Would you return, word for word, the lines of the data below from the line with "for p, q in" through the line with "(25, -20.1)], dxfattribs=at)", and no others?

[Data extracted from a collection]
□ □ □ □ □ □ □
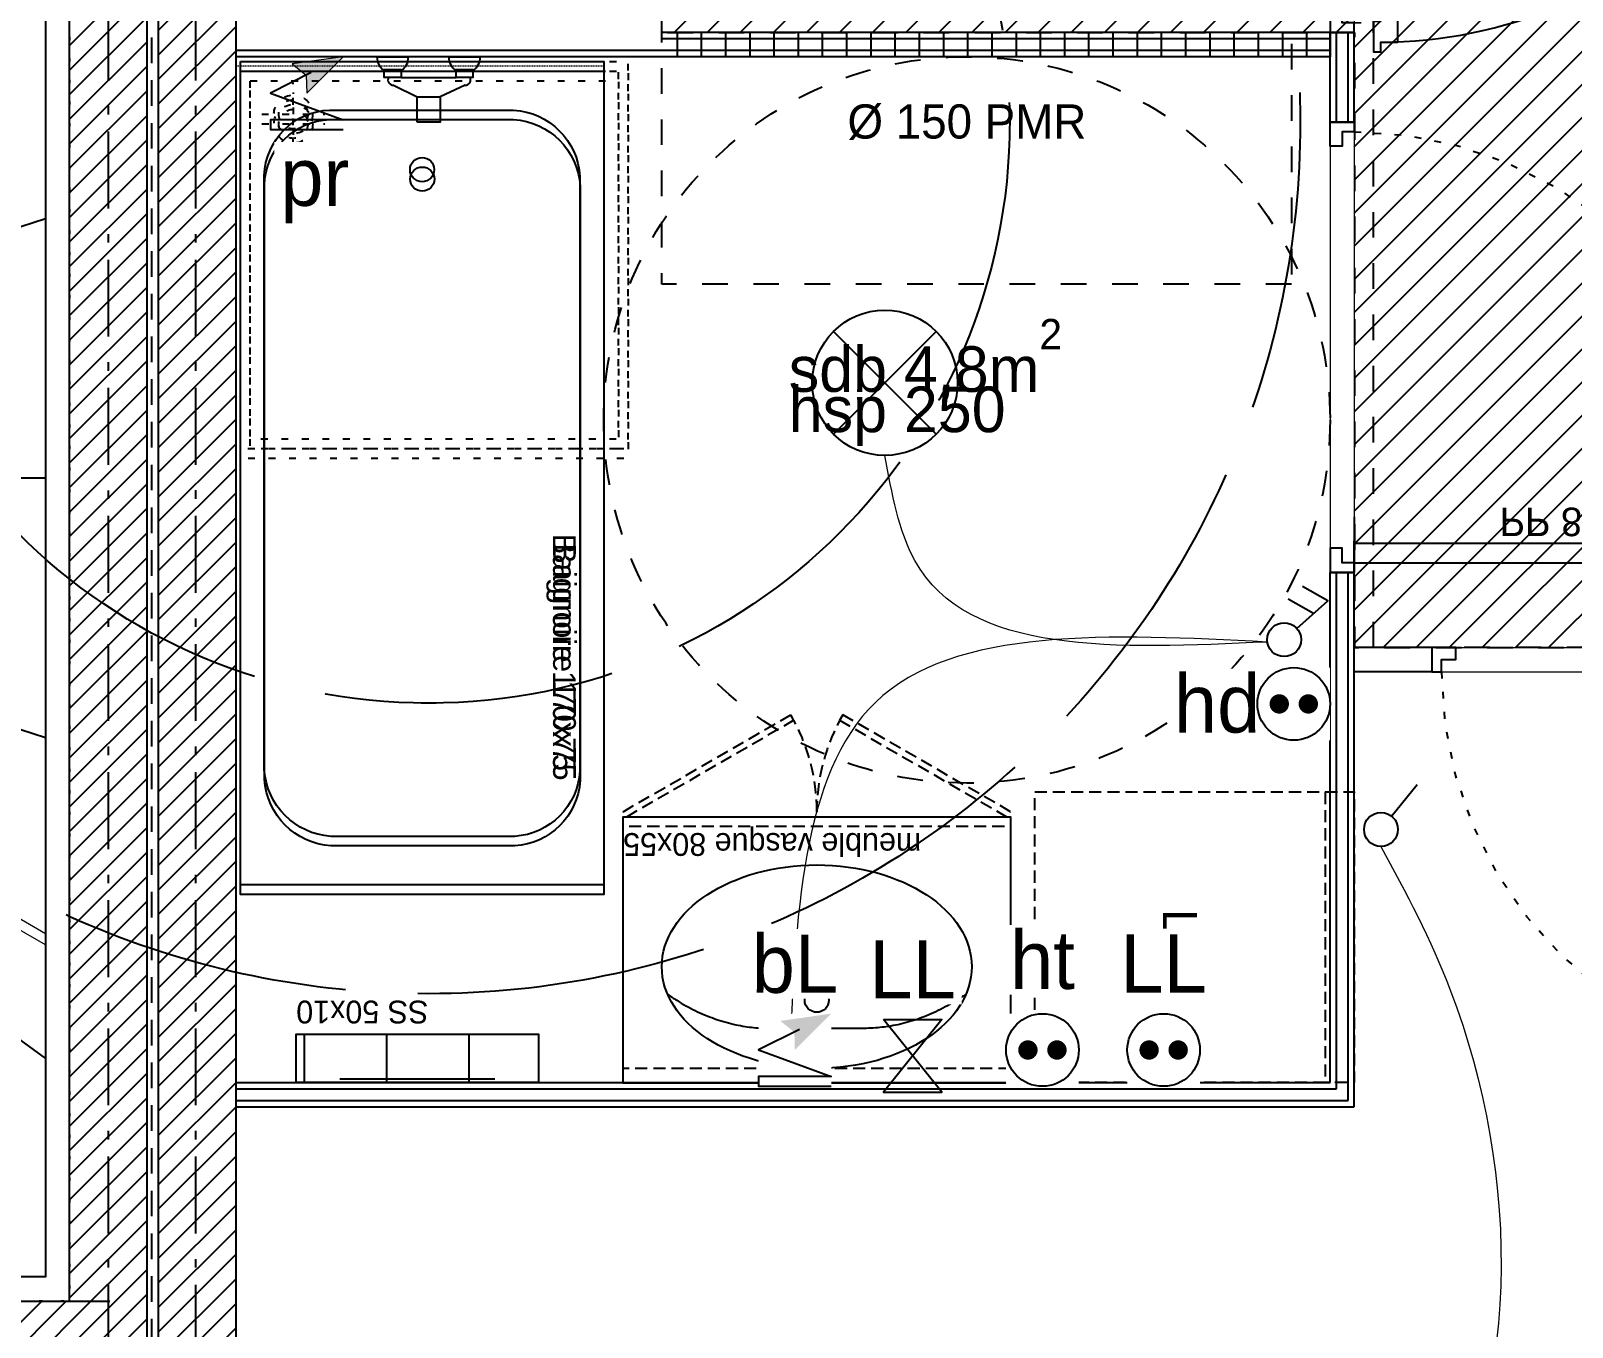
# Model space of a CAD drawing. Header units: centimetres. Extents: x -35664 to 50682, y -23001 to 23705.
# Drawn here: x 9786.5 to 10104.8, y 3774 to 4041.7 of the extents above; entities that cross this region are included whole.
import ezdxf

# ---------------------------------------------------------------- set-up
doc = ezdxf.new("R2010")
doc.units = ezdxf.units.CM
for name, pattern in [('ACAD_ISO02W100', [15, 12, -3]), ('ISO-07', [0.175, 0.025, -0.15]), ('Style de ligne -1', [0.41664, 0.20828, -0.20836]), ('Style de ligne -11', [0.347222, 0.20828, -0.138942]), ('Style de ligne -13', [0.147638, 0.098425, -0.049213]), ('Style de ligne -18', [0.164042, 0.054681, -0.109361]), ('Style de ligne -19', [0.166667, 0.055556, -0.111111]), ('Style de ligne -5', [0.20828, 0.069425, -0.138855]), ('Style de ligne -6', [1.04164, 0.625, -0.20828, 0.06943, -0.13893]), ('VW-01', [0.41656, 0.20828, -0.20828])]:
    doc.linetypes.add(name, pattern=pattern)
for name, color, linetype in [('B aménagement intérieur', 252, 'Continuous'), ('B BATI-équipement-sanitaires', 252, 'Continuous'), ('B faience', 252, 'Style de ligne -11'), ('B Faux plafonds', 9, 'Continuous'), ('B Faux plafonds_Hatch', 9, 'Continuous'), ('B GÈnÈral_Hatch', 252, 'Continuous'), ('B Général', 252, 'Continuous'), ('C ANNOTATIONS-PMR', 252, 'Style de ligne -5'), ('C ANNOTATIONS-prestations', 252, 'Continuous'), ('C ANNOTATIONS-texte', 252, 'Continuous'), ('D SURFACES-shab', 252, 'Continuous'), ('F REMPLISSAGE-vert clair', 252, 'Continuous'), ('F REMPLISSAGE-vert foncé', 252, 'Continuous'), ('F REMPLISSAGE-vert hachurÈ_Hatch', 252, 'Continuous'), ('F REMPLISSAGE-vert hachuré', 252, 'Continuous'), ('prlm-EAU-EF', 161, 'Continuous'), ('prlm-MOD', 64, 'Continuous')]:
    doc.layers.add(name, color=color, linetype=linetype)
doc.layers.add('prlm-CHAUFF-CONV', color=1, linetype='Continuous', lineweight=25)
doc.layers.add('prlm-ELEC-CFO', color=1, linetype='Continuous', lineweight=25)
doc.layers.add('prlm-ZEROPLOT', color=254, linetype='Continuous', plot=False)
doc.layers.get('prlm-CHAUFF-CONV').off()
doc.styles.add('Eurostile', font='Eurosti.TTF')
doc.styles.add('Eurostile (italic)', font='Eurostib.TTF')
doc.styles.add('prlm-elec-cfo', font='comic.ttf', dxfattribs={"height": 12})
pattern_1 = [(-90, (-1e-10, 1.6667), (-5, -3e-10), [])]
pattern_2 = [(45, (0, 0), (2.4253472, -2.6458333), [])]

# ---------------------------------------------------------------- blocks, each defined once
blk = doc.blocks.new('A 90.Groupe-24-1')
at = {"layer": 'B Général', "linetype": 'Style de ligne -11', "ltscale": 25.4}
blk.add_line((2145.67, -1173.93), (2145.67, 946.07), dxfattribs=at)
blk = doc.blocks.new('B 90.Lave Linge')
at = {"layer": 'B Général', "linetype": 'Style de ligne -13', "ltscale": 25.4, "flags": 128}
blk.add_lwpolyline([(-29.47, 30), (-29.47, 36), (30.53, 36), (30.53, 30)], dxfattribs=at)
blk.add_lwpolyline([(-29.47, 30), (30.53, 30), (30.53, -30), (-29.47, -30)], close=True, dxfattribs=at)
at = {"layer": 'B Général', "insert": (0, 0), "char_height": 7.059, "attachment_point": 5, "line_spacing_factor": 0.894142, "style": 'Eurostile'}
blk.add_mtext('LL', dxfattribs=at)
blk = doc.blocks.new('B 90.PP 80')
at = {"layer": 'B Général', "flags": 128}
blk.add_lwpolyline([(-43, 2.5), (-43, 85.5), (-39, 85.5), (-39, 2.5)], close=True, dxfattribs=at)
at = {"layer": 'B Général', "linetype": 'Style de ligne -18', "ltscale": 25.4, "flags": 128}
blk.add_lwpolyline([(46, 2.5), (45.27, 13.33), (43.1, 23.98), (39.53, 34.26), (34.61, 44), (28.44, 53.03), (21.1, 61.19), (12.74, 68.35), (3.5, 74.38), (-6.47, 79.18), (-17, 82.67), (-27.91, 84.79), (-39, 85.5)], dxfattribs=at)
at = {"layer": 'B Général', "linetype": 'Continuous', "flags": 128}
for points in [[(-45, 2.5), (-43, 2.5), (-43, 0), (-40, 0), (-40, -2.5), (-45, -2.5)], [(48, 2.5), (46, 2.5), (46, 0), (43, 0), (43, -2.5), (48, -2.5), (48, -2.5), (48, -2.5), (48, 1.79), (48, 1.79)]]:
    blk.add_lwpolyline(points, close=True, dxfattribs=at)
at = {"layer": 'C ANNOTATIONS-prestations', "insert": (-37.5, 32.5), "char_height": 5.8825, "attachment_point": 1, "rotation": 90, "line_spacing_factor": 0.894142, "style": 'Eurostile'}
blk.add_mtext('PP 83 x 204', dxfattribs=at)
blk = doc.blocks.new('B 90.Rond 150_PMR')
at = {"layer": 'B Général', "linetype": 'VW-01', "ltscale": 25.4}
blk.add_circle((0, 0), 75, dxfattribs=at)
at = {"layer": 'B Général', "insert": (-61.5, 0), "char_height": 7.059, "attachment_point": 5, "rotation": 90, "line_spacing_factor": 0.894142, "style": 'Eurostile (italic)'}
blk.add_mtext('Ø 150 PMR', dxfattribs=at)
blk = doc.blocks.new('B 90.200_wc-2')
at = {"layer": 'B Général', "linetype": 'Continuous'}
for p, q in [((-25, -20.1), (-25, 0)), ((-24.9, 0.1), (24.9, 0.1)), ((25, -20.1), (25, 0)), ((-19.5, -44.2), (-19.5, -21.9)), ((19.5, -44.2), (19.5, -21.9))]:
    blk.add_line(p, q, dxfattribs=at)
at = {"layer": 'B Général', "linetype": 'Continuous', "flags": 128}
blk.add_lwpolyline([(-25, -20.1), (-24.9, -20.6), (-24.75, -20.9), (-24.55, -21.2), (-24.3, -21.45), (-23.9, -21.7), (-23.4, -21.85), (-23.15, -21.9), (23.25, -21.9), (23.55, -21.85), (23.9, -21.7), (24.2, -21.5), (24.45, -21.3), (24.65, -21.05), (24.8, -20.75), (24.9, -20.5), (24.95, -20.3), (25, -20.1)], dxfattribs=at)
for points in [[(-19.5, -44.2), (-19.5, -44.2, 0.036537), (-19.11, -49.53, 0.035337), (-17.94, -54.75), (-17.94, -54.75, 0.041299), (-16.22, -59.09), (-16.22, -59.09), (-16.22, -59.1, 0.041783), (-13.79, -63.08, 0.053503), (-10.77, -66.4), (-10.77, -66.4, 0.054816), (-7.12, -69.02), (-7.12, -69.02, 0.063755), (-3.68, -70.42), (-3.68, -70.42, 0.064897), (0, -70.9)], [(0, -70.9, 0.064897), (3.68, -70.42), (3.68, -70.42, 0.063726), (7.12, -69.02), (7.12, -69.02, 0.054816), (10.77, -66.4), (10.77, -66.4, 0.053503), (13.79, -63.08, 0.041783), (16.22, -59.1), (16.22, -59.09), (16.22, -59.09, 0.041299), (17.94, -54.75), (17.94, -54.75, 0.035337), (19.11, -49.53, 0.036556), (19.5, -44.2)]]:
    blk.add_lwpolyline(points, format="xyb", dxfattribs=at)
at = {"layer": 'B Général', "linetype": 'Continuous'}
for centre, start, end in [((-24.9, 0), 90, 180), ((24.9, 0), 0, 90)]:
    blk.add_arc(centre, 0.1, start, end, dxfattribs=at)
blk = doc.blocks.new('B 90.Groupe-2-1')
at = {"layer": 'B Général', "linetype": 'Style de ligne -1', "ltscale": 25.4, "flags": 128}
blk.add_lwpolyline([(-35.4, 7.6), (35.6, 7.6), (35.6, -32.4), (-35.4, -32.4)], close=True, dxfattribs=at)
at = {"layer": 'B Général', "xscale": -1, "rotation": 270}
blk.add_blockref('B 90.200_wc-2', (35.5, 7.5), dxfattribs=at)
blk = doc.blocks.new('B 90.WC-plan-PMR')
at = {"layer": 'B Général', "linetype": 'Style de ligne -1', "ltscale": 25.4, "flags": 128}
blk.add_lwpolyline([(-114.5, 112.5), (15.5, 112.5), (15.5, 32.5), (-114.5, 32.5)], close=True, dxfattribs=at)
at = {"layer": 'B Général'}
blk.add_blockref('B 90.Groupe-2-1', (0, 0), dxfattribs=at)
blk = doc.blocks.new('B 90.Groupe-4-1')
at = {"layer": 'B Général', "linetype": 'Continuous'}
for centre, major_axis, ratio in [((0, -24.07), (32, 0), 0.65625), ((0, -6.97), (1.5, 0), 1), ((0, -17.15), (2.5, 0), 1)]:
    blk.add_ellipse(centre, major_axis=major_axis, ratio=ratio, dxfattribs=at)
for points in [[(-30.82, -18.37), (-20.7, -11.37), (-9.74, -11.32), (-4.71, -11.3), (0, -11.3)], [(30.82, -18.37), (20.7, -11.37), (9.74, -11.32), (4.71, -11.3), (0, -11.3)]]:
    blk.add_open_spline(points, degree=2, knots=[0, 0, 0, 1, 1, 2, 2, 2], dxfattribs=at)
blk.add_open_spline([(-30.45, -17.59), (-30.5, -17.61), (-30.55, -17.64)], degree=2, dxfattribs=at)
blk = doc.blocks.new('B 90.meuble vasque 80x60')
at = {"layer": 'B BATI-équipement-sanitaires', "linetype": 'Style de ligne -13', "ltscale": 25.4, "flags": 128}
for points in [[(-40, -3.07), (40, -3.07), (40, -53.07), (-40, -53.07)], [(-40, -56.07), (-5.36, -76.07), (-4.71, -74.94), (-39.35, -54.94)], [(40, -56.07), (5.36, -76.07), (4.71, -74.94), (39.35, -54.94)]]:
    blk.add_lwpolyline(points, close=True, dxfattribs=at)
at = {"layer": 'B BATI-équipement-sanitaires', "linetype": 'Style de ligne -13', "ltscale": 25.4}
for centre, start, end in [((-40, -56.07), 330, 0), ((40, -56.07), 180, 210)]:
    blk.add_arc(centre, 40, start, end, dxfattribs=at)
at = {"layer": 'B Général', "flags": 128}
□ □ □ □ □ □ □
→ EXERCISE RESPONSE
for p, q in [((-25, -20.1), (-25, 0)), ((-24.9, 0.1), (24.9, 0.1)), ((25, -20.1), (25, 0)), ((-19.5, -44.2), (-19.5, -21.9)), ((19.5, -44.2), (19.5, -21.9))]:
    blk.add_line(p, q, dxfattribs=at)
at = {"layer": 'B Général', "linetype": 'Continuous', "flags": 128}
blk.add_lwpolyline([(-25, -20.1), (-24.9, -20.6), (-24.75, -20.9), (-24.55, -21.2), (-24.3, -21.45), (-23.9, -21.7), (-23.4, -21.85), (-23.15, -21.9), (23.25, -21.9), (23.55, -21.85), (23.9, -21.7), (24.2, -21.5), (24.45, -21.3), (24.65, -21.05), (24.8, -20.75), (24.9, -20.5), (24.95, -20.3), (25, -20.1)], dxfattribs=at)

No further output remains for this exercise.